Theres a difference in spanking and beating the **** out of your child. I really hope you mis-worded what you posted. And I would not give the school permission for corporal punishment in the 1st grade to a little girl, but thats just me.


----------



## KylesKenner2 (Nov 19, 2008)

Do you have the judges name sir?
I am calling her at 11:00 at lunch


----------



## o_brother (Jul 26, 2007)

293rd District Judge Cynthis Muniz. She covers Dimmit, Zavala and Maverick counties.. 

Mike


----------



## KylesKenner2 (Nov 19, 2008)

I'm on the phone now with her. I will be sending her the info in a few minutes.


----------



## Pocketfisherman (May 30, 2005)

Neal Boortz loves stories like this and he has an audience well beyond this boards coverage.


----------



## country7 (May 27, 2007)

unfortuntley at 12 the child can say who they would like to live wth but the judge DOES NOT have to agree. A child who is 12 years or older can execute an affidavit stating who he or she wants to be his or her managing conservator. The child’s choice is not binding on the judge. However, the closer the child gets to age 18, the more likely the judge is to agree with the child’s choice.


----------



## o_brother (Jul 26, 2007)

I sent you a PM Kyle that explains some other stuff as well..

Mike


----------



## shanker (Jan 15, 2006)

I just read this thread, I am at utter shock this would be allowed to happen over a belief in spanking.

I will pray for the girls in church, that they be raised in a well diciplined, secure, safe environment.

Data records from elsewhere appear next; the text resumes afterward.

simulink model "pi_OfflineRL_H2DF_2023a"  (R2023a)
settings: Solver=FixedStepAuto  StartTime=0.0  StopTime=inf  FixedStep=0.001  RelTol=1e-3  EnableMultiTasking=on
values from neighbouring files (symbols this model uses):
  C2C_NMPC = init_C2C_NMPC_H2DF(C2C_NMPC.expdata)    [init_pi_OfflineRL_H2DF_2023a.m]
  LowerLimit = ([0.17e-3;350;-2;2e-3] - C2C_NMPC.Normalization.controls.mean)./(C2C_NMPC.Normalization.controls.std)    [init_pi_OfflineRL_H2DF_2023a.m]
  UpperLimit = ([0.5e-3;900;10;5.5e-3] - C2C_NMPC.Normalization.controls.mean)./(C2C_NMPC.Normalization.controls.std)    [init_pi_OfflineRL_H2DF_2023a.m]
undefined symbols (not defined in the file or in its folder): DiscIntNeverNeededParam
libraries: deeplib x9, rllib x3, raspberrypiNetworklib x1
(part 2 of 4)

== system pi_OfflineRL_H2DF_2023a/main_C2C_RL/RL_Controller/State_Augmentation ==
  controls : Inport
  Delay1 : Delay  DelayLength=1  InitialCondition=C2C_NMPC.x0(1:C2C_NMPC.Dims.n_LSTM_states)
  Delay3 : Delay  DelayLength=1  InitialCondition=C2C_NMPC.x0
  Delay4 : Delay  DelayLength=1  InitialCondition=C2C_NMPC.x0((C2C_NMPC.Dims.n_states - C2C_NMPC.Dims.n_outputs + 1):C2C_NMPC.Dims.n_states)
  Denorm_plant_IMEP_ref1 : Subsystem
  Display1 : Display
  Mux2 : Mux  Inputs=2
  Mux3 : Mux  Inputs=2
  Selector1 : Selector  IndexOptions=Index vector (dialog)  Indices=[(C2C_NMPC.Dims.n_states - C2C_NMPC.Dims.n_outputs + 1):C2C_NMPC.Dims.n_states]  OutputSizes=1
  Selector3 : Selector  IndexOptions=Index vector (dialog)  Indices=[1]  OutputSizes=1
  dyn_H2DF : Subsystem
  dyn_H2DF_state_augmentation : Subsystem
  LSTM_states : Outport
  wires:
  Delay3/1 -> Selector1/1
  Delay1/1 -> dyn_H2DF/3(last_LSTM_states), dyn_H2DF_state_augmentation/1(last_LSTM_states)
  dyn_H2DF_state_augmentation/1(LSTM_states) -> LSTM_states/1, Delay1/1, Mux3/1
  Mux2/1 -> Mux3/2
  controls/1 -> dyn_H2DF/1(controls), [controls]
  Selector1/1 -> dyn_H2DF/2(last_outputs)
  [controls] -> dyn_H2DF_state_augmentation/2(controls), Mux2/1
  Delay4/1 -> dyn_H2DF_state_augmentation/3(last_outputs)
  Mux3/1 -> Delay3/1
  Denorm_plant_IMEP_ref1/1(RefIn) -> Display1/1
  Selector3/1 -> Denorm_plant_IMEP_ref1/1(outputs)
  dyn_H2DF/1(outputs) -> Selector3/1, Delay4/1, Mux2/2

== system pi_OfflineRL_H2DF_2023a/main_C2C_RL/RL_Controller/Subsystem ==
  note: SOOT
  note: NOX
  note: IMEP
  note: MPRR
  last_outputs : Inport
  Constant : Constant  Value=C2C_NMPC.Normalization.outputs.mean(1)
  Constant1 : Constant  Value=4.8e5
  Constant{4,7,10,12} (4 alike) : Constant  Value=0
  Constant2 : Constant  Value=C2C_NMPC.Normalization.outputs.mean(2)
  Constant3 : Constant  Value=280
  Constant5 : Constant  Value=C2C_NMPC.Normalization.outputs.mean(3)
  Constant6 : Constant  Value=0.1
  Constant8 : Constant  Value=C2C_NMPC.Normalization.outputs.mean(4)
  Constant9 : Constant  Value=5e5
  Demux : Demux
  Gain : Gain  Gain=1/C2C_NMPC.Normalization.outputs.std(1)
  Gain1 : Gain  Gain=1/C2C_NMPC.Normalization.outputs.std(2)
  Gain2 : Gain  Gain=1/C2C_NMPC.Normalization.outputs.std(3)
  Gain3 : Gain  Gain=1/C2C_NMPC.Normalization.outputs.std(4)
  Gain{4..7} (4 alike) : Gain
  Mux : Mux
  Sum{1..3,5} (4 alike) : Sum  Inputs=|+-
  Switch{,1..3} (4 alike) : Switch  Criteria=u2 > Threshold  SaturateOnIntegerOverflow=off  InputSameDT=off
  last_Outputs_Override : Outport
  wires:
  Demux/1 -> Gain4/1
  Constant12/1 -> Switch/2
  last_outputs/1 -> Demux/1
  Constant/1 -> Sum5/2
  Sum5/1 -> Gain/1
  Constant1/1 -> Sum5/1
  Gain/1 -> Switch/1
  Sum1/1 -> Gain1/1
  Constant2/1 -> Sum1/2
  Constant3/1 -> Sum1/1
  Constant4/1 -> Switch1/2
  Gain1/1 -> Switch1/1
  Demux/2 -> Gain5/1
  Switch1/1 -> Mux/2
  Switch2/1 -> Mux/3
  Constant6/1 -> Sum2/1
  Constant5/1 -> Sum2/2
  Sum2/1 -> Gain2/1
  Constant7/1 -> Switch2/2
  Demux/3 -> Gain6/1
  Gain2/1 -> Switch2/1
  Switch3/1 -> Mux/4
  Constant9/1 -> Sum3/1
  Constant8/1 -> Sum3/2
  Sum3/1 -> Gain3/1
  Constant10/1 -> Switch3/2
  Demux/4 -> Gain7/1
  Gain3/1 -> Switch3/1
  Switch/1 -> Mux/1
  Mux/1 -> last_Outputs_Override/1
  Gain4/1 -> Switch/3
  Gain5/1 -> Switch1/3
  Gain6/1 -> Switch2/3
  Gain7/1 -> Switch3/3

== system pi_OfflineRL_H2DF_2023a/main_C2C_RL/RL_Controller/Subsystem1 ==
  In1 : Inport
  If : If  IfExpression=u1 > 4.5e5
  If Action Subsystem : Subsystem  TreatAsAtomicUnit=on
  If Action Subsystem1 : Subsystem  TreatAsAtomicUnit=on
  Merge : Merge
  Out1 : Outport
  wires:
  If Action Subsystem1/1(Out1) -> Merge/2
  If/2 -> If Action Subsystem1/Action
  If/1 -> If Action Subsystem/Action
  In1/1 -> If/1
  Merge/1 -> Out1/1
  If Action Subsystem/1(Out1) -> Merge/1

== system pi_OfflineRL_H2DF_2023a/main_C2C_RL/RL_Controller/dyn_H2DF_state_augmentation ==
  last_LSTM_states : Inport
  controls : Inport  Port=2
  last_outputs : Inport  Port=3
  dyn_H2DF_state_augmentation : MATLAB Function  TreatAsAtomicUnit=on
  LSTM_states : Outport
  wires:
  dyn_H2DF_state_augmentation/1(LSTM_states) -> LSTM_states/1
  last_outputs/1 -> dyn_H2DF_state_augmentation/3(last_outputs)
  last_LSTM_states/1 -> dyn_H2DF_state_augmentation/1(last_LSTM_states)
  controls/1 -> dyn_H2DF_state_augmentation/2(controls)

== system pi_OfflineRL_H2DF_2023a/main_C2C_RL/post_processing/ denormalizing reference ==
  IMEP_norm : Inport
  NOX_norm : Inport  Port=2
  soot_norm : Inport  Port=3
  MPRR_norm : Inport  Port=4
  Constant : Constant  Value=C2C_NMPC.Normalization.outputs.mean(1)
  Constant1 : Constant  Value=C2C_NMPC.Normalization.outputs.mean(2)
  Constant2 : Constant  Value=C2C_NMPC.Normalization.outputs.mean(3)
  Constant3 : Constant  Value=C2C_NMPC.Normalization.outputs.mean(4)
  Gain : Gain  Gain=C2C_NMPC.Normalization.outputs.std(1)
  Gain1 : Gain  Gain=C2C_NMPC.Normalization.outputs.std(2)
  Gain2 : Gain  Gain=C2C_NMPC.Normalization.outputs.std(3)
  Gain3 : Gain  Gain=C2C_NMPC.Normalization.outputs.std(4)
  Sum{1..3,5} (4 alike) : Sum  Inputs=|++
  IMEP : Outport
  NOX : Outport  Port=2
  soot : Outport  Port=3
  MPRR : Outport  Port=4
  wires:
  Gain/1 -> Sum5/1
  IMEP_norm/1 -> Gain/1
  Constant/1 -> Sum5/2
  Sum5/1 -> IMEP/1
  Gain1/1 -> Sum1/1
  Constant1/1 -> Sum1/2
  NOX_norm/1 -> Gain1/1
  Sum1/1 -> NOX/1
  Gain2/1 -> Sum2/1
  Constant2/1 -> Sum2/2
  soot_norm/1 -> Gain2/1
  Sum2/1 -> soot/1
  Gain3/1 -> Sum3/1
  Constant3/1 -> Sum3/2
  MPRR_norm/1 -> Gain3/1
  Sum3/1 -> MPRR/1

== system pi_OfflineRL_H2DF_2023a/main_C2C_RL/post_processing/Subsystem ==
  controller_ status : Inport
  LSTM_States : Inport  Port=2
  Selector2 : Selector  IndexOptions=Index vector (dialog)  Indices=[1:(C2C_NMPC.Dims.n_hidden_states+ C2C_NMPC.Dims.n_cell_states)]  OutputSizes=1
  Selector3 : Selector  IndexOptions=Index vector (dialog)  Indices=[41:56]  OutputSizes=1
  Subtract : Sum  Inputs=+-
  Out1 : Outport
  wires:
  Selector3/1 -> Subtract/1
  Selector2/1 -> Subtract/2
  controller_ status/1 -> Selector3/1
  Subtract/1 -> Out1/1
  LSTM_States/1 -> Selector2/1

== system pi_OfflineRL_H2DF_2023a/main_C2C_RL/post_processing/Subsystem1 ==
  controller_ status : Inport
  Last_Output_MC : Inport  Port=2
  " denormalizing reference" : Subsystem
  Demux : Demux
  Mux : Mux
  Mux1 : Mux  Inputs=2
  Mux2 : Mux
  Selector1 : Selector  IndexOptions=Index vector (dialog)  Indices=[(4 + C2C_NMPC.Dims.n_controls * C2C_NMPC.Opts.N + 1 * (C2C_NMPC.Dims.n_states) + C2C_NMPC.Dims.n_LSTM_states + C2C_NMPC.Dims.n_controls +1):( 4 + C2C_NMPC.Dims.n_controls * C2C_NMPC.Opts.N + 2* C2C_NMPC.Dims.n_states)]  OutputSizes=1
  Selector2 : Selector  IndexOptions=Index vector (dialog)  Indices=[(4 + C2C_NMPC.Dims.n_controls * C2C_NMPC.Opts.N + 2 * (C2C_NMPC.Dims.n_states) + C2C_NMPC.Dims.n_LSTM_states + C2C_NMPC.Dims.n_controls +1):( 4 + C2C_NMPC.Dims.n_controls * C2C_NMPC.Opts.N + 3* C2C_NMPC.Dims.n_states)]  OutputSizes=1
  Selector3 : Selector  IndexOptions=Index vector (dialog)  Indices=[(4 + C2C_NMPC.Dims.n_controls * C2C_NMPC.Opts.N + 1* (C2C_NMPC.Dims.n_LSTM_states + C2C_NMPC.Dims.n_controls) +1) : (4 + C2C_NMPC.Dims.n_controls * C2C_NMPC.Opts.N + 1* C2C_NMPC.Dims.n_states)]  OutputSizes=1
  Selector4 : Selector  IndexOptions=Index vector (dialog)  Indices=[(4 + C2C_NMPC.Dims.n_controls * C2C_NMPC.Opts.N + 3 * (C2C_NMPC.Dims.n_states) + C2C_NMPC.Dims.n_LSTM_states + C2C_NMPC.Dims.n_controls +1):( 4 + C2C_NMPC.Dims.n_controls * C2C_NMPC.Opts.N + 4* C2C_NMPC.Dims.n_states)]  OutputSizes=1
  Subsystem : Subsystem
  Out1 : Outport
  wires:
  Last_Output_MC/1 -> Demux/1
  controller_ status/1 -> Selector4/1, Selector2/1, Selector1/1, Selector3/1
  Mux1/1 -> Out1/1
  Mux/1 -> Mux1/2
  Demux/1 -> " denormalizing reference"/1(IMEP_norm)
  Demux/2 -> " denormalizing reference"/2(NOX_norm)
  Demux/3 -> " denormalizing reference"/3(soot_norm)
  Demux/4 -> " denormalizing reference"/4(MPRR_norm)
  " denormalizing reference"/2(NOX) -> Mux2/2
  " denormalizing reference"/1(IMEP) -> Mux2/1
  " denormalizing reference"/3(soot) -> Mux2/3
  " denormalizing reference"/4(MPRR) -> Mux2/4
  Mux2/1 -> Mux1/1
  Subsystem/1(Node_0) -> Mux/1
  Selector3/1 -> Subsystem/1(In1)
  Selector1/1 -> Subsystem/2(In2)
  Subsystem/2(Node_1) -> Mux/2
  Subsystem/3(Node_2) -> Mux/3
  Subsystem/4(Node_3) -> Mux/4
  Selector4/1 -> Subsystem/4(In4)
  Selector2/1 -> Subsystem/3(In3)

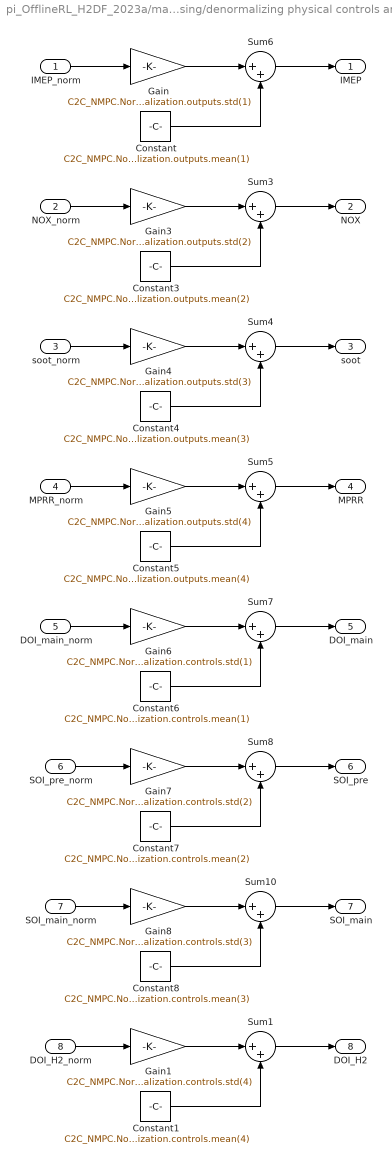
== system pi_OfflineRL_H2DF_2023a/main_C2C_RL/post_processing/denormalizing physical controls and outputs ==
  IMEP_norm : Inport
  NOX_norm : Inport  Port=2
  soot_norm : Inport  Port=3
  MPRR_norm : Inport  Port=4
  DOI_main_norm : Inport  Port=5
  SOI_pre_norm : Inport  Port=6
  SOI_main_norm : Inport  Port=7
  DOI_H2_norm : Inport  Port=8
  Constant : Constant  Value=C2C_NMPC.Normalization.outputs.mean(1)
  Constant1 : Constant  Value=C2C_NMPC.Normalization.controls.mean(4)
  Constant3 : Constant  Value=C2C_NMPC.Normalization.outputs.mean(2)
  Constant4 : Constant  Value=C2C_NMPC.Normalization.outputs.mean(3)
  Constant5 : Constant  Value=C2C_NMPC.Normalization.outputs.mean(4)
  Constant6 : Constant  Value=C2C_NMPC.Normalization.controls.mean(1)
  Constant7 : Constant  Value=C2C_NMPC.Normalization.controls.mean(2)
  Constant8 : Constant  Value=C2C_NMPC.Normalization.controls.mean(3)
  Gain : Gain  Gain=C2C_NMPC.Normalization.outputs.std(1)
  Gain1 : Gain  Gain=C2C_NMPC.Normalization.controls.std(4)
  Gain3 : Gain  Gain=C2C_NMPC.Normalization.outputs.std(2)
  Gain4 : Gain  Gain=C2C_NMPC.Normalization.outputs.std(3)
  Gain5 : Gain  Gain=C2C_NMPC.Normalization.outputs.std(4)
  Gain6 : Gain  Gain=C2C_NMPC.Normalization.controls.std(1)
  Gain7 : Gain  Gain=C2C_NMPC.Normalization.controls.std(2)
  Gain8 : Gain  Gain=C2C_NMPC.Normalization.controls.std(3)
  Sum{1,3..8,10} (8 alike) : Sum  Inputs=|++
  IMEP : Outport
  NOX : Outport  Port=2
  soot : Outport  Port=3
  MPRR : Outport  Port=4
  DOI_main : Outport  Port=5
  SOI_pre : Outport  Port=6
  SOI_main : Outport  Port=7
  DOI_H2 : Outport  Port=8
  wires:
  Gain4/1 -> Sum4/1
  Constant3/1 -> Sum3/2
  Constant4/1 -> Sum4/2
  Gain3/1 -> Sum3/1
  Constant5/1 -> Sum5/2
  Gain5/1 -> Sum5/1
  Constant/1 -> Sum6/2
  Sum3/1 -> NOX/1
  NOX_norm/1 -> Gain3/1
  Sum5/1 -> MPRR/1
  Gain/1 -> Sum6/1
  IMEP_norm/1 -> Gain/1
  Sum6/1 -> IMEP/1
  MPRR_norm/1 -> Gain5/1
  Sum4/1 -> soot/1
  soot_norm/1 -> Gain4/1
  Constant7/1 -> Sum8/2
  Gain8/1 -> Sum10/1
  Constant6/1 -> Sum7/2
  Gain7/1 -> Sum8/1
  Sum10/1 -> SOI_main/1
  DOI_main_norm/1 -> Gain6/1
  Sum7/1 -> DOI_main/1
  Gain6/1 -> Sum7/1
  Sum8/1 -> SOI_pre/1
  Constant8/1 -> Sum10/2
  SOI_main_norm/1 -> Gain8/1
  SOI_pre_norm/1 -> Gain7/1
  Sum1/1 -> DOI_H2/1
  Constant1/1 -> Sum1/2
  Gain1/1 -> Sum1/1
  DOI_H2_norm/1 -> Gain1/1

== system pi_OfflineRL_H2DF_2023a/main_C2C_RL/pre_processing1/normalize_last_outputs_MC ==
  data_in : Inport
  Constant : Constant  Value=C2C_NMPC.Normalization.outputs.mean(1)
  Constant1 : Constant  Value=C2C_NMPC.Normalization.outputs.mean(2)
  Constant2 : Constant  Value=C2C_NMPC.Normalization.outputs.mean(3)
  Constant3 : Constant  Value=C2C_NMPC.Normalization.outputs.mean(4)
  Demux : Demux
  Gain : Gain  Gain=1/C2C_NMPC.Normalization.outputs.std(1)
  Gain1 : Gain  Gain=1/C2C_NMPC.Normalization.outputs.std(2)
  Gain2 : Gain  Gain=1/C2C_NMPC.Normalization.outputs.std(3)
  Gain3 : Gain  Gain=1/C2C_NMPC.Normalization.outputs.std(4)
  Mux : Mux
  Selector1 : Selector  IndexOptions=Index vector (dialog)  Indices=[1:4]  OutputSizes=1
  Sum{1..3,5} (4 alike) : Sum  Inputs=|+-
  last_outputs_MC : Outport  VectorParamsAs1DForOutWhenUnconnected=off
  wires:
  Demux/2 -> Sum1/1
  Constant2/1 -> Sum2/2
  Sum2/1 -> Gain2/1
  Sum1/1 -> Gain1/1
  Gain3/1 -> Mux/4
  Gain1/1 -> Mux/2
  Constant1/1 -> Sum1/2
  Demux/3 -> Sum2/1
  Gain2/1 -> Mux/3
  Mux/1 -> last_outputs_MC/1
  Constant3/1 -> Sum3/2
  Sum3/1 -> Gain3/1
  Gain/1 -> Mux/1
  Sum5/1 -> Gain/1
  Constant/1 -> Sum5/2
  Demux/1 -> Sum5/1
  data_in/1 -> Selector1/1
  Demux/4 -> Sum3/1
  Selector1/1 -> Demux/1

I hope everything works out...


----------



## o_brother (Jul 26, 2007)

Yeah pocketfisherman, I've tried to get my brother to call Neal but he just can't talk about losing his girls without getting emotional right now... Your right country7 about the girls age and what they want. My brother did the affidavit and its all on file and in the court records.. My brother has done everything he could for right now.. Unless his appeals lawyer knows of something else we are told my brother is out of options for now...

Mike


----------



## regulator (May 21, 2004)

O Brother, will be praying for the kidos and your brother, this is just sickening, KK2 thanks for stepping up, please keep us updated. and hang in there


----------



## o_brother (Jul 26, 2007)

Thanks regulator and everyone else... People need to know that stuff like what has happened to my brother could happen to you or someone you know... You can not leave anything up to chance or think common sense will prevail...

Mike


----------



## geezuphosdn (Jun 5, 2006)

o_brother said:


> My brothers ex-wife has tried for 8 years to gain custody of their two daughters (ages 9 and 10) from my brother... This past Thursday, a District Bench Judge here in South Texas, took custody away from my brother and awarded them to his ex because he believes in SPANKING.. No joke, this is what the lady judge told my brother in court. NO other reason. The judge stated that its her opinoin that in this day in age, that spanking is a form of ABUSE... UNBELIEVEABLE..... With all the broken homes in the this world without a father figure, the drop out rates, kids in gangs, all this **** going on with kids on the internet, this Judge has the balls to tell my brother you cannot spank your kids..... I'm not talking about beating your kids, I'm talking about a swat or two. I'm not up on Family Law right now but when did it become against the law to spank your child ???? Of course he is filling an appeal because there was tons of B.S. that went on during this proceding that I'm not going to get into here. The kids are with him untill they get out of school the end of this month and then they will leave for Clevend, Ohio..... OH by the way, my brother's ex has never paid her child support. She owes my brother over 10,000 dollars. The Judge told my brother she is going to set his child support somewhere between 500 and 700 dollars a month. They will knock that off each month and when he has burned up the 10 grand he will have to start paying his ex.... This is just unbelieveable.... No one in my family can believe this... And not one member of my brother's ex's family showed up to support her. Not one. And she has a brother that is in the Border Patrol that testified against her getting custody in the orginial trial ..... All of us are hoping he is granted an appeal but who knows.....
> 
> Furious as Hell !!!!!
> Mike


The #1 reason i chose to never ever ever have kids. Eff that.


----------



## Argo (May 21, 2004)

KylesKenner2 said:


> I'm on the phone now with her. I will be sending her the info in a few minutes.


so what happened?


----------



## alant (Dec 7, 2006)

I don't mean to hijack this thread, but I've been dealing with family court with a divorce. My wife has ignored every agreement and court order, and has stolen more than $100k she was to turn over to me in the final decree. I have an enforcment hearing next month. The last time I was in court the docket call was one half enforcement hearings. The courts don't enforce the laws, so their case load keep growing as a result. My ex is going to get away with this. I've lost all faith in our courts systems. I hope somebody gets justice.


----------



## coastalbend74 (Feb 20, 2008)

Come on spanking is not a crime and we all know the difference. If a kid 9 or 10 needs a spanking then they need it. Why do we have to live in a society where we should live in fear of disciplining our own children boys or girls. This is ridiculous, then they get to an age acting like fools running amuck and everyone who said don't spank that kid is looking at the parent wondering why they let their kids act like deliquents. 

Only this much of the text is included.